Looking closely at the result, we saw net revenues (post-excise duty charges) print at N68.6billion in the quarter under review. According to the parent company, Heineken, on a half-year basis the company recorded some market share gains following growth in its premium portfolio, even as Maltina, its leading non-alcoholic brand recorded flat volumes y/y. However, given the lockdown restrictions in place during the quarter, we believe volumes likely declined across the company’s various portfolios. In addition, we noticed a further rise in trade and other receivables, following through from Q1 2020, suggesting the company might be resorting more to credit sales given the current macroeconomic backdrop and possibly a strategy to gain market share. GPM fell by 673bps y/y as cost pressures resulting from heightened inflation and the recent devaluation of the naira likely trickled into COGS as expenditure on raw materials and consumables only dropped by 8.9% y/y during the quarter.  

Finance Cost Adds Blow to Net Income

Moving down the P&L line, Net profit margin crashed to its lowest level on record, driven by the aforementioned, coupled with a 65.6% surge in net finance cost. These combined to offset a 23.3% drop in operating expenses, majorly driven by a 28.09% fall in Selling and Distribution expenses, and a N14million tax credit, compared a N2.8billion tax charge in Q2 2019. We highlight that the N1.5billion surge in finance cost was driven by a N45.2billion upsurge in the company’s interest bearing debt position.  

Half Year Performance Marred by COVID

So far this year, the brewer’s net profit is trailing by 58.0% compared to H1 2019 on the back of a 10.8% dip in earnings, pressured COGS and a  jump in net finance cost (+32.6%) following the increased debt position in 2020. All of these combined to overwhelm the positive effects of a 54.7% slash in tax charge and a 6.7% drop in operating expense. We expect FY 2020 to trail significantly given the likelihood of continued social distancing and also following weak H1 performance, which traditionally is a more significant contributing half to earnings. 
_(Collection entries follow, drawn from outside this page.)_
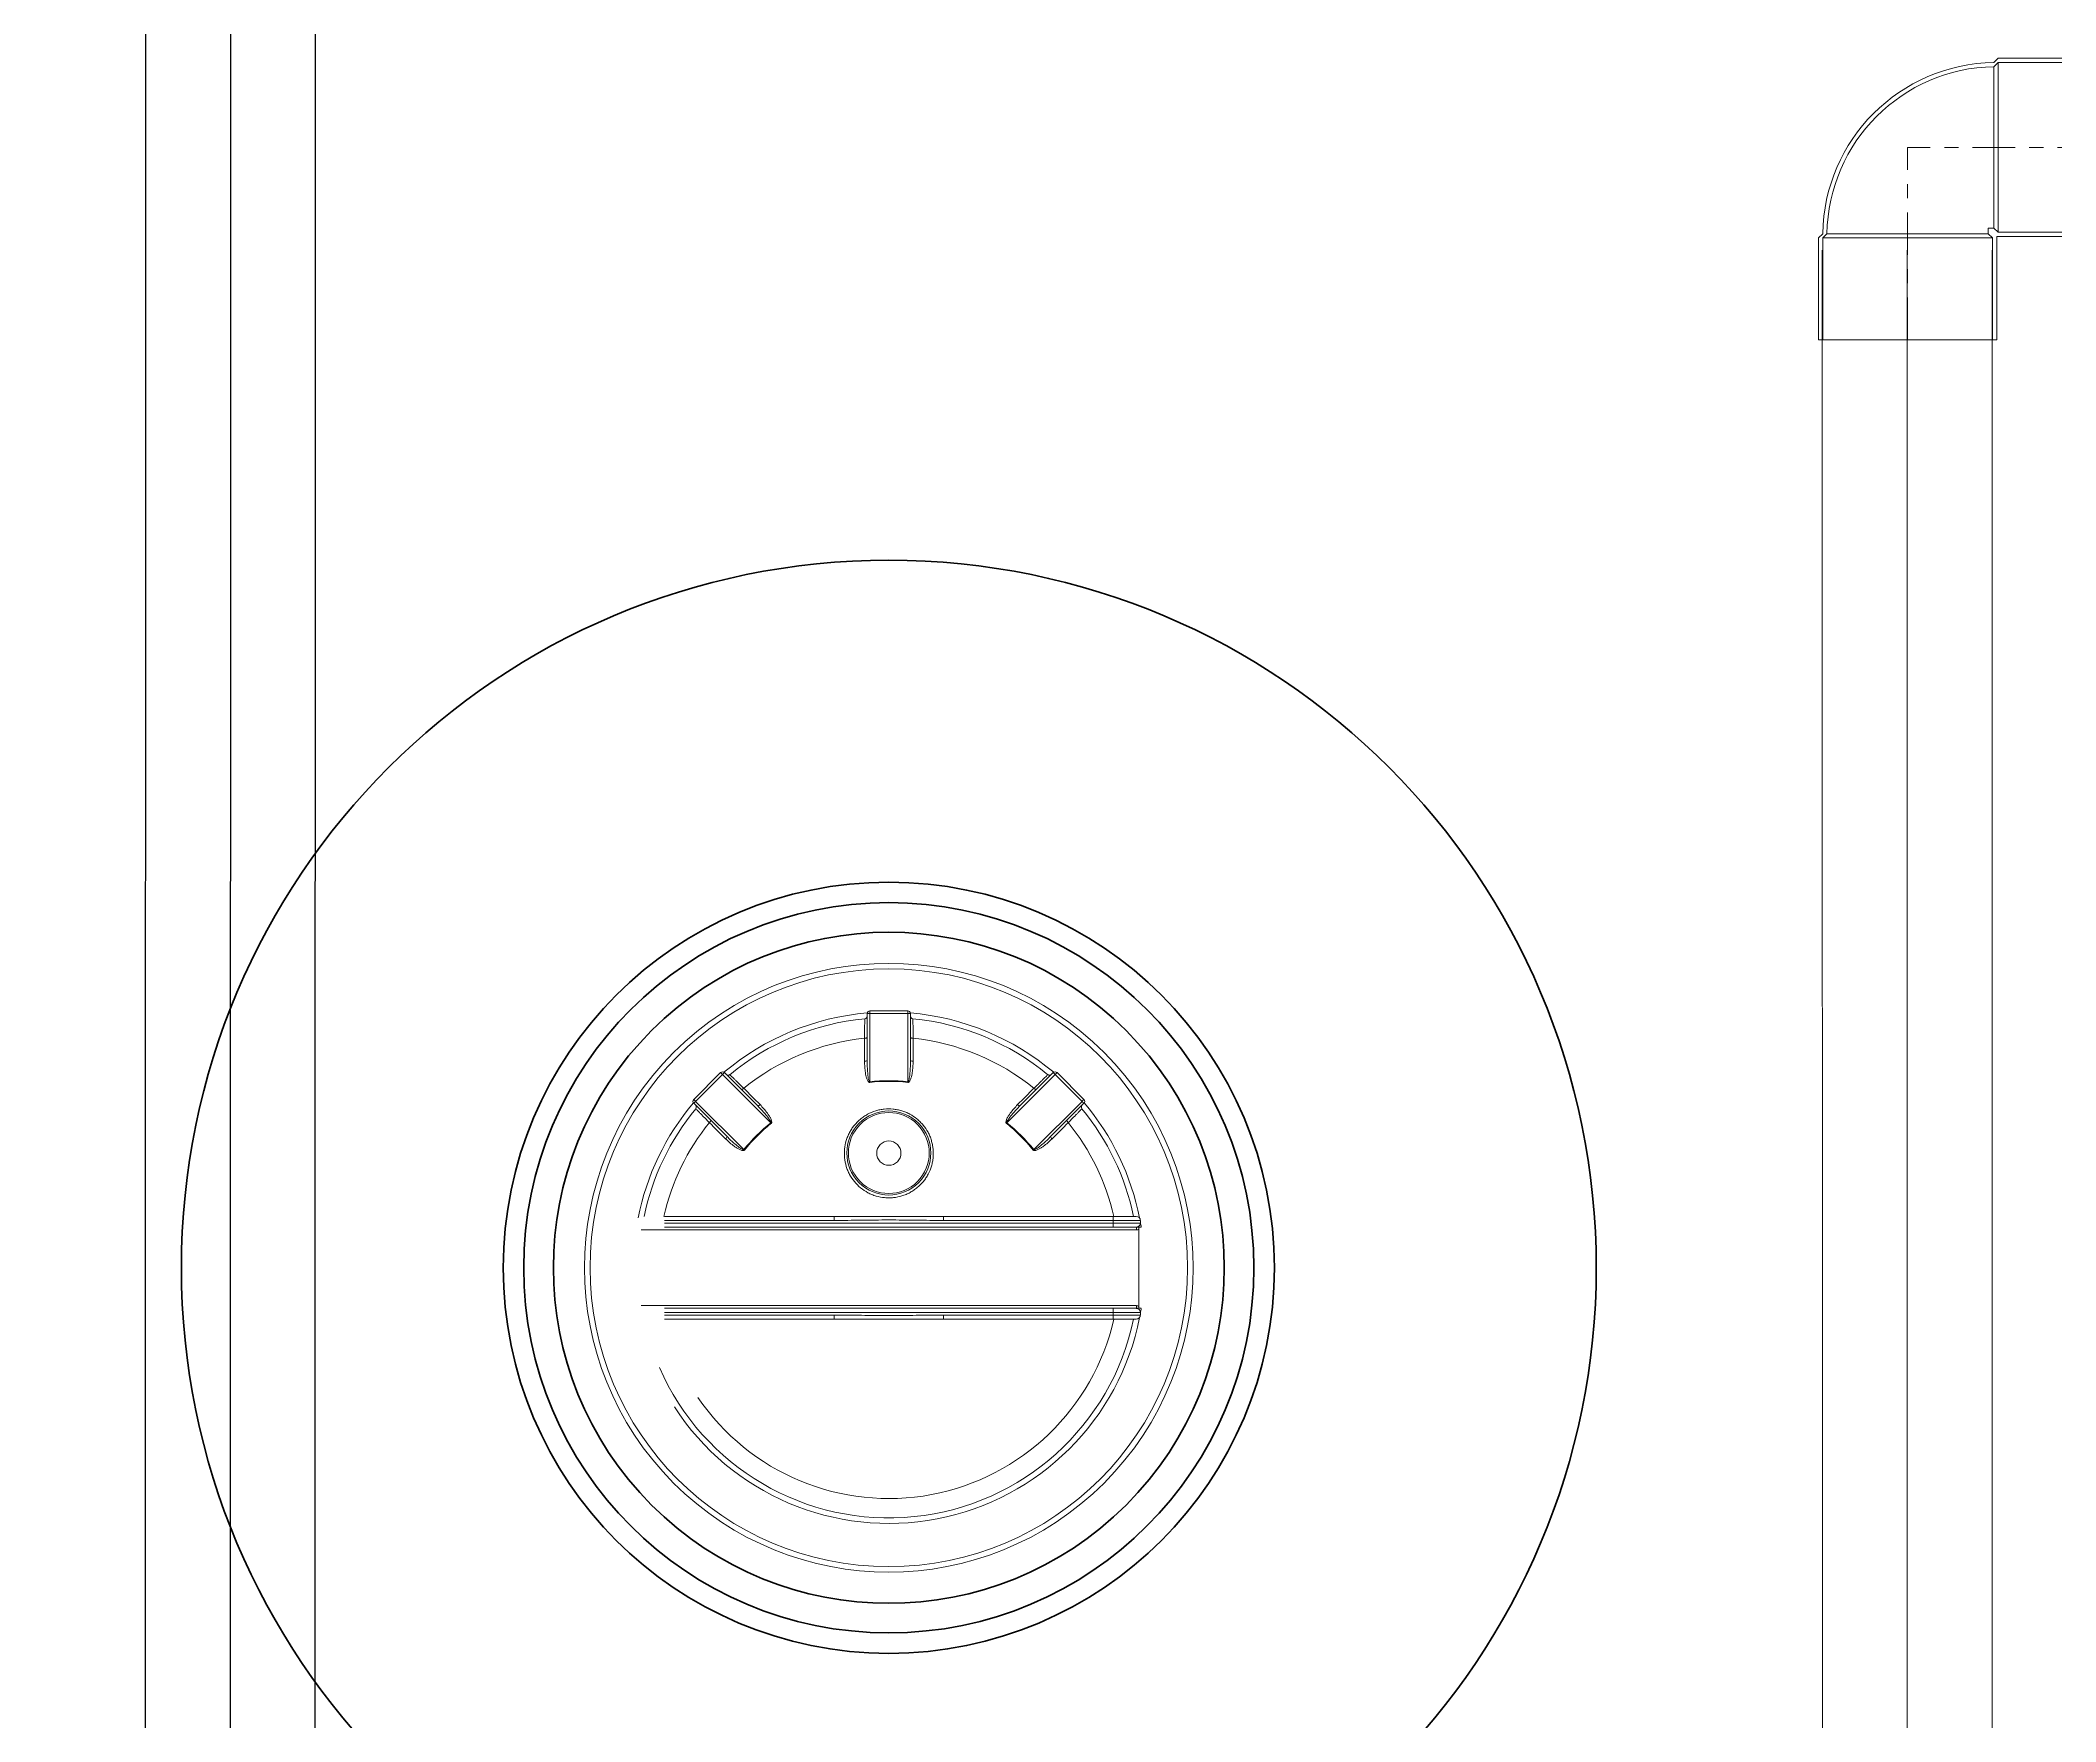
# Model space of a CAD drawing. Header units: millimetres. Extents: x -294625 to 2136527, y -251383 to 128331.
# Drawn here: x 1088415 to 1089127, y -78352 to -77758 of the extents above; entities that cross this region are included whole.
import ezdxf

# ---------------------------------------------------------------- set-up
doc = ezdxf.new("R2010")
doc.units = ezdxf.units.MM
doc.linetypes.add('CENTER', pattern=[3, 1.5, -0.5, 0.5, -0.5])
for name, color, linetype, lineweight in [('0.04 Thu tràn', 6, 'Continuous', 0), ('N3-NOTE', 11, 'Continuous', 13), ('Nuoc cap', 4, 'Continuous', 35)]:
    doc.layers.add(name, color=color, linetype=linetype, lineweight=lineweight)
doc.layers.add('0.06 Trả nước', color=3, linetype='Continuous')
doc.styles.add('P-VNTIMEH', font='vntimeh.shx', dxfattribs={"width": 0.75, "height": 300})
doc.styles.get("Standard").update_dxf_attribs({"font": 'arialbd.ttf'})
doc.dimstyles.new('N-NOTE', dxfattribs={"dimtxt": 200, "dimasz": 30, "dimexe": 50, "dimexo": 50, "dimgap": 100, "dimtad": 1, "dimdec": 0, "dimdsep": 46, "dimtxsty": 'P-VNTIMEH', "dimblk": 'OPEN30', "dimcen": 0, "dimse1": 1, "dimse2": 1, "dimclrd": 256, "dimclre": 7, "dimclrt": 256, "dimadec": 0, "dimazin": 0, "dimtfac": 1, "dimtdec": 0, "dimtix": 1, "dimtmove": 2, "dimatfit": 3, "dimldrblk": 'OPEN30', "dimfxl": 1, "dimtolj": 1, "dimtzin": 0, "dimarcsym": 0})

# ---------------------------------------------------------------- blocks, each defined once
blk = doc.blocks.new('D900')
at = {"color": 8, "linetype": 'Continuous', "lineweight": 0}
for p, q in [((-142.8, 30.1), (-160, 30.1)), ((-160, 30.1), (-160, 28.4)), ((-160, 28.4), (-142.8, 28.4)), ((-157.5, 25.8), (-157.5, 24.1)), ((-157.4, 32.7), (-142.8, 32.7)), ((-142.8, 25.8), (-157.4, 25.8)), ((-142.8, 32.7), (-142.8, 30.1)), ((-142.8, 32.7), (-34.8, 32.7)), ((-34.8, 30.1), (-142.8, 30.1)), ((-142.8, 30.1), (-142.8, 28.4)), ((-142.8, 28.4), (142.8, 28.4)), ((-142.8, 28.4), (-142.8, 25.8)), ((142.8, 25.8), (-142.8, 25.8)), ((-34.8, 32.7), (-34.8, 30.1)), ((34.8, 32.7), (34.8, 30.1)), ((34.8, 32.7), (142.8, 32.7)), ((142.8, 30.1), (34.8, 30.1)), ((-159.1, 24.6), (-159.1, -24.6)), ((157.5, 24.1), (-157.5, 24.1)), ((-157.5, -25.8), (-157.5, -24.1)), ((-157.5, -24.1), (157.5, -24.1)), ((-160, -30.1), (-160, -28.4)), ((-142.8, -28.4), (-160, -28.4)), ((-160, -30.1), (-142.8, -30.1)), ((-157.4, -25.8), (-142.8, -25.8)), ((-142.8, -32.7), (-157.4, -32.7)), ((-142.8, -25.8), (-142.8, -28.4)), ((-142.8, -25.8), (142.8, -25.8)), ((-142.8, -30.1), (-142.8, -28.4)), ((142.8, -28.4), (-142.8, -28.4)), ((-142.8, -30.1), (-34.8, -30.1)), ((-142.8, -30.1), (-142.8, -32.7)), ((-34.8, -32.7), (-142.8, -32.7)), ((-34.8, -30.1), (-34.8, -32.7)), ((34.8, -30.1), (34.8, -32.7)), ((34.8, -30.1), (142.8, -30.1)), ((142.8, -32.7), (34.8, -32.7)), ((-92.1, -75.1), (-122.9, -105.8)), ((-92.1, -75), (-92.1, -75.1)), ((-92, -75), (-92.1, -75)), ((-92.1, -75.1), (-92.1, -75.1)), ((-92, -75), (-92, -75)), ((-91.9, -75), (-92, -75)), ((-91.9, -74.9), (-91.9, -75)), ((-91.9, -74.9), (-91.9, -74.9)), ((-91.8, -74.9), (-91.9, -74.9)), ((91.9, -74.9), (91.8, -74.9)), ((91.9, -74.9), (91.9, -74.9)), ((91.9, -75), (91.9, -74.9)), ((92, -75), (91.9, -75)), ((92, -75), (92, -75)), ((92.1, -75), (92, -75)), ((92.1, -75.1), (92.1, -75)), ((122.9, -105.8), (92.1, -75.1)), ((92.1, -75.1), (92.1, -75.1)), ((-124.1, -104.6), (-102.9, -83.4)), ((102.9, -83.4), (124.1, -104.6)), ((-114.2, -92.3), (-113.9, -92.6)), ((-113.9, -92.6), (-113.7, -92.8)), ((-113.7, -92.8), (-113.6, -93.1)), ((-113.6, -93.1), (-113.4, -93.3)), ((-113.4, -93.3), (-113.3, -93.5)), ((-113.3, -93.5), (-113.3, -93.6)), ((-113.3, -93.6), (-113.3, -93.8)), ((-113.3, -93.8), (-113.3, -93.9)), ((-105.8, -122.9), (-75.1, -92.1)), ((-75.1, -92.1), (-75, -92.1)), ((-75.1, -92.1), (-75.1, -92.1)), ((-75, -91.9), (-74.9, -91.9)), ((-75, -92), (-75, -91.9)), ((-75, -92), (-75, -92)), ((-75, -92.1), (-75, -92)), ((-74.9, -91.9), (-74.9, -91.8)), ((-74.9, -91.9), (-74.9, -91.9)), ((74.9, -91.8), (74.9, -91.9)), ((74.9, -91.9), (75, -91.9)), ((74.9, -91.9), (74.9, -91.9)), ((75, -91.9), (75, -92)), ((75, -92), (75, -92.1)), ((75, -92), (75, -92)), ((75, -92.1), (75.1, -92.1)), ((75.1, -92.1), (75.1, -92.1)), ((75.1, -92.1), (105.8, -122.9)), ((113.3, -93.5), (113.4, -93.3)), ((113.3, -93.6), (113.3, -93.5)), ((113.3, -93.8), (113.3, -93.6)), ((113.3, -93.9), (113.3, -93.8)), ((113.4, -93.3), (113.6, -93.1)), ((113.6, -93.1), (113.7, -92.8)), ((113.7, -92.8), (113.9, -92.6)), ((113.9, -92.6), (114.2, -92.3)), ((-124.1, -104.6), (-124.1, -104.7)), ((-124.1, -104.7), (-124, -104.7)), ((-124.1, -107), (-124, -107)), ((-124.1, -107.1), (-124.1, -107)), ((-107.1, -124.1), (-124.1, -107.1)), ((-124, -104.7), (-123.9, -104.8)), ((-124, -107), (-123.9, -106.9)), ((-123.9, -104.8), (-123.7, -105)), ((-123.9, -106.9), (-123.7, -106.7)), ((-123.7, -105), (-123.6, -105.2)), ((-123.7, -106.7), (-123.6, -106.5)), ((-123.6, -105.2), (-123.3, -105.4)), ((-123.6, -106.5), (-123.3, -106.3)), ((-123.3, -105.4), (-123.1, -105.6)), ((-123.3, -106.3), (-123.1, -106.1)), ((-123.1, -105.6), (-122.9, -105.8)), ((-123.1, -106.1), (-122.9, -105.8)), ((-122.9, -105.8), (-105.8, -122.9)), ((-83.4, -102.9), (-104.6, -124.1)), ((-93.9, -113.3), (-93.8, -113.3)), ((-93.8, -113.3), (-93.6, -113.3)), ((-93.6, -113.3), (-93.5, -113.3)), ((-93.5, -113.3), (-93.3, -113.4)), ((-93.3, -113.4), (-93.1, -113.6)), ((-93.1, -113.6), (-92.8, -113.7)), ((-92.8, -113.7), (-92.6, -113.9)), ((-92.6, -113.9), (-92.3, -114.2)), ((104.6, -124.1), (83.4, -102.9)), ((92.3, -114.2), (92.6, -113.9)), ((92.6, -113.9), (92.8, -113.7)), ((92.8, -113.7), (93.1, -113.6)), ((93.1, -113.6), (93.3, -113.4)), ((93.3, -113.4), (93.5, -113.3)), ((93.5, -113.3), (93.6, -113.3)), ((93.6, -113.3), (93.8, -113.3)), ((93.8, -113.3), (93.9, -113.3)), ((105.8, -122.9), (122.9, -105.8)), ((124.1, -107.1), (107.1, -124.1)), ((122.9, -105.8), (123.1, -105.6)), ((122.9, -105.8), (123.1, -106.1)), ((123.1, -105.6), (123.3, -105.4)), ((123.1, -106.1), (123.3, -106.3)), ((123.3, -105.4), (123.6, -105.2)), ((123.3, -106.3), (123.6, -106.5)), ((123.6, -105.2), (123.7, -105)), ((123.6, -106.5), (123.7, -106.7)), ((123.7, -105), (123.9, -104.8)), ((123.7, -106.7), (123.9, -106.9)), ((123.9, -104.8), (124, -104.7)), ((123.9, -106.9), (124, -107)), ((124, -104.7), (124.1, -104.7)), ((124, -107), (124.1, -107)), ((124.1, -104.7), (124.1, -104.6)), ((124.1, -107), (124.1, -107.1)), ((-107, -124.1), (-107.1, -124.1)), ((-106.9, -123.9), (-107, -124)), ((-107, -124), (-107, -124.1)), ((-106.7, -123.7), (-106.9, -123.9)), ((-106.5, -123.6), (-106.7, -123.7)), ((-106.3, -123.3), (-106.5, -123.6)), ((-106.1, -123.1), (-106.3, -123.3)), ((-105.8, -122.9), (-106.1, -123.1)), ((-105.8, -122.9), (-105.6, -123.1)), ((-105.6, -123.1), (-105.4, -123.3)), ((-105.4, -123.3), (-105.2, -123.6)), ((-105.2, -123.6), (-105, -123.7)), ((-105, -123.7), (-104.8, -123.9)), ((-104.8, -123.9), (-104.7, -124)), ((-104.7, -124), (-104.7, -124.1)), ((-104.7, -124.1), (-104.6, -124.1)), ((-12, -117.9), (-12, -118)), ((-12, -117.9), (-12, -117.9)), ((-12, -118), (-12, -118.1)), ((-12, -118), (-12, -118)), ((-12, -118.1), (-12, -118.2)), ((-12, -118.1), (-12, -118.1)), ((-12, -118.2), (-12, -118.3)), ((-12, -118.2), (-12, -118.2)), ((-12, -118.3), (-12, -161.7)), ((12, -117.9), (12, -117.9)), ((12, -118), (12, -117.9)), ((12, -118), (12, -118)), ((12, -118.1), (12, -118)), ((12, -118.1), (12, -118.1)), ((12, -118.2), (12, -118.1)), ((12, -118.2), (12, -118.2)), ((12, -118.3), (12, -118.2)), ((12, -161.7), (12, -118.3)), ((104.6, -124.1), (104.7, -124.1)), ((104.7, -124), (104.8, -123.9)), ((104.7, -124.1), (104.7, -124)), ((104.8, -123.9), (105, -123.7)), ((105, -123.7), (105.2, -123.6)), ((105.2, -123.6), (105.4, -123.3)), ((105.4, -123.3), (105.6, -123.1)), ((105.6, -123.1), (105.8, -122.9)), ((106.1, -123.1), (105.8, -122.9)), ((106.3, -123.3), (106.1, -123.1)), ((106.5, -123.6), (106.3, -123.3)), ((106.7, -123.7), (106.5, -123.6)), ((106.9, -123.9), (106.7, -123.7)), ((107, -124), (106.9, -123.9)), ((107, -124.1), (107, -124)), ((107.1, -124.1), (107, -124.1)), ((-13.8, -161.7), (-13.8, -131.7)), ((13.8, -131.7), (13.8, -161.7)), ((-15.4, -146), (-15.1, -146)), ((-15.1, -146), (-14.8, -146.1)), ((-14.8, -146.1), (-14.5, -146.1)), ((-14.5, -146.1), (-14.3, -146.2)), ((-14.3, -146.2), (-14, -146.2)), ((-14, -146.2), (-13.9, -146.3)), ((-13.9, -146.3), (-13.8, -146.4)), ((-13.8, -146.4), (-13.8, -146.5)), ((13.8, -146.4), (13.9, -146.3)), ((13.8, -146.5), (13.8, -146.4)), ((13.9, -146.3), (14, -146.2)), ((14, -146.2), (14.3, -146.2)), ((14.3, -146.2), (14.5, -146.1)), ((14.5, -146.1), (14.8, -146.1)), ((14.8, -146.1), (15.1, -146)), ((15.1, -146), (15.4, -146)), ((-13.8, -161.7), (-12, -161.7)), ((-12, -163.5), (-12, -161.7)), ((-12, -161.7), (12, -161.7)), ((12, -163.5), (-12, -163.5)), ((12, -161.7), (13.8, -161.7)), ((12, -161.7), (12, -163.5))]:
    blk.add_line(p, q, dxfattribs=at)
at = {"color": 8}
blk.add_circle((0, 0), 450, dxfattribs=at)
for major_axis, start_param, end_param in [((173.4, -173.4), 3.926991, 10.210176), ((164.2, -164.2), 3.926991, 10.210176), ((150.9, 150.9), 2.356194490191815, 8.6393797973714)]:
    blk.add_ellipse((0, 0), major_axis=major_axis, ratio=1, start_param=start_param, end_param=end_param, dxfattribs=at)
at = {"color": 8, "linetype": 'Continuous', "lineweight": 0}
for centre, major_axis, start_param, end_param in [((0, 0), (136.9, 136.9), 2.356194490192318, 8.639379797371905), ((0, 0), (134.4, -134.4), 3.926991, 10.210176), ((0, 0), (115, 115), -0.209906, 2.160063), ((0, 0), (112.5, 112.5), -0.375413, 2.149316), ((0, 0), (103.8, 103.8), -0.189217, 2.13167), ((0, 0), (115, 115), 2.177796, 2.19679), ((-157.4, 30.1), (1.82, 1.82), 0.785398, 2.356194), ((-157.4, 28.4), (1.82, -1.82), 3.926991, 5.497787), ((0, 0), (115, -115), 4.086396, 4.105389), ((-157.4, -28.4), (1.82, 1.82), 0.785398, 2.356194), ((-157.4, -30.1), (1.82, -1.82), 3.926991, 5.497787), ((0, 0), (115, -115), 4.123122, 4.627771), ((0, 0), (112.5, -112.5), 4.133869, 4.615983), ((0, 0), (103.8, -103.8), 4.151515, 4.607082), ((0, 0), (103.8, 103.8), -1.465489, -1.009922), ((0, 0), (112.5, 112.5), -1.47439, -0.992276), ((0, 0), (115, 115), -1.486178, -0.981529), ((0, -73), (18.9, 18.9), 2.35619449018917, 8.639379797368756), ((0, -73), (18.2, 18.2), 2.356194490191966, 8.63937979737155), ((0, 0), (84.1, -84.1), 4.610901, 4.813877), ((0, 0), (83.8, 83.8), 3.040104, 3.243081), ((0, -72.9), (5.47, -5.47), 3.926991, 10.210176), ((0, 0), (83.8, -83.8), 6.181697, 6.384674), ((0, 0), (84.1, 84.1), 4.610901, 4.813877), ((-104.9, -83.6), (1.41, -1.41), 0.867626, 1.76222), ((104.9, -83.6), (1.41, 1.41), 1.379373, 2.273966), ((-124.2, -102.3), (1.22, 1.22), -1.570782, -0.095032), ((124.2, -102.3), (1.22, 1.22), 1.666284, 3.141126), ((-122.9, -105.8), (1.22, -1.22), 3.141593, 4.712389), ((0, 0), (103.8, 103.8), 3.2469, 3.821684), ((-83.6, -104.9), (1.41, -1.41), 1.379373, 2.273966), ((0, 0), (103.8, -103.8), 5.603094, 6.177878), ((83.6, -104.9), (1.41, 1.41), 0.867626, 1.76222), ((122.9, -105.8), (1.22, 1.22), -1.570796, 0), ((-105.8, -122.9), (1.22, 1.22), 3.141593, 4.712389), ((0, 0), (115, -115), 4.797007, 5.413169), ((-102.3, -124.2), (1.22, -1.22), 1.666284, 3.141126), ((0, 0), (112.5, -112.5), 4.808795, 5.401381), ((0, 0), (83.8, 83.8), 3.825503, 4.028479), ((0, 0), (84.1, -84.1), 5.396299, 5.599275), ((0, 0), (115, 115), 4.011609, 4.627771), ((0, 0), (112.5, 112.5), 4.023397, 4.615983), ((102.3, -124.2), (1.22, 1.22), 0.000014, 1.475764), ((105.8, -122.9), (1.22, 1.22), 3.141593, 4.712389), ((-15.1, -133.3), (1.41, -1.41), 1.653039, 2.547603), ((15.1, -133.3), (1.41, 1.41), 0.59399, 1.488553), ((-15.5, -160.1), (1.22, 1.22), -0.784357, 0.690321), ((-12, -161.7), (1.22, 1.22), 2.356194, 3.926991), ((12, -161.7), (1.22, -1.22), 5.497787, 7.068583), ((15.5, -160.1), (1.22, -1.22), 2.451543, 3.92648)]:
    blk.add_ellipse(centre, major_axis=major_axis, ratio=1, start_param=start_param, end_param=end_param, dxfattribs=at)
for points, knots in [([(-159.1, 25.8), (-159.4, 25.8), (-159.6, 25.8), (-160.1, 25.8), (-160.3, 25.8), (-160.5, 25.8)], [0, 0, 0, 0, 0.5, 0.5, 1, 1, 1, 1]), ([(-157.5, 25.8), (-157.7, 25.8), (-157.9, 25.8), (-158.5, 25.8), (-158.8, 25.8), (-159.1, 25.8)], [0, 0, 0, 0, 0.5, 0.5, 1, 1, 1, 1]), ([(-159.1, 24.6), (-159.1, 24.8), (-159.1, 25), (-159.1, 25.4), (-159.1, 25.6), (-159.1, 25.8)], [0, 0, 0, 0, 0.5, 0.5, 1, 1, 1, 1]), ([(34.8, 32.7), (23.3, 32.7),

Covid-19 Set to Pressure Earnings

Going forward, we expect earnings to continue to be pressured given that lockdown measures still largely in place. This, we believe, would be further exacerbated by rising inflation, the recent hike in VAT rate to 7.5%, dollar illiquidity and a further weakening in the NGN vs USD. Additionally, the economic impact of the virus may stretch consumer pockets extensively, raising the risk of a decline in demand for its products, particularly its premium portfolio. With that said, we think the recent unwinding of restrictions in major cities may provide some succor for volume performance in the coming quarters.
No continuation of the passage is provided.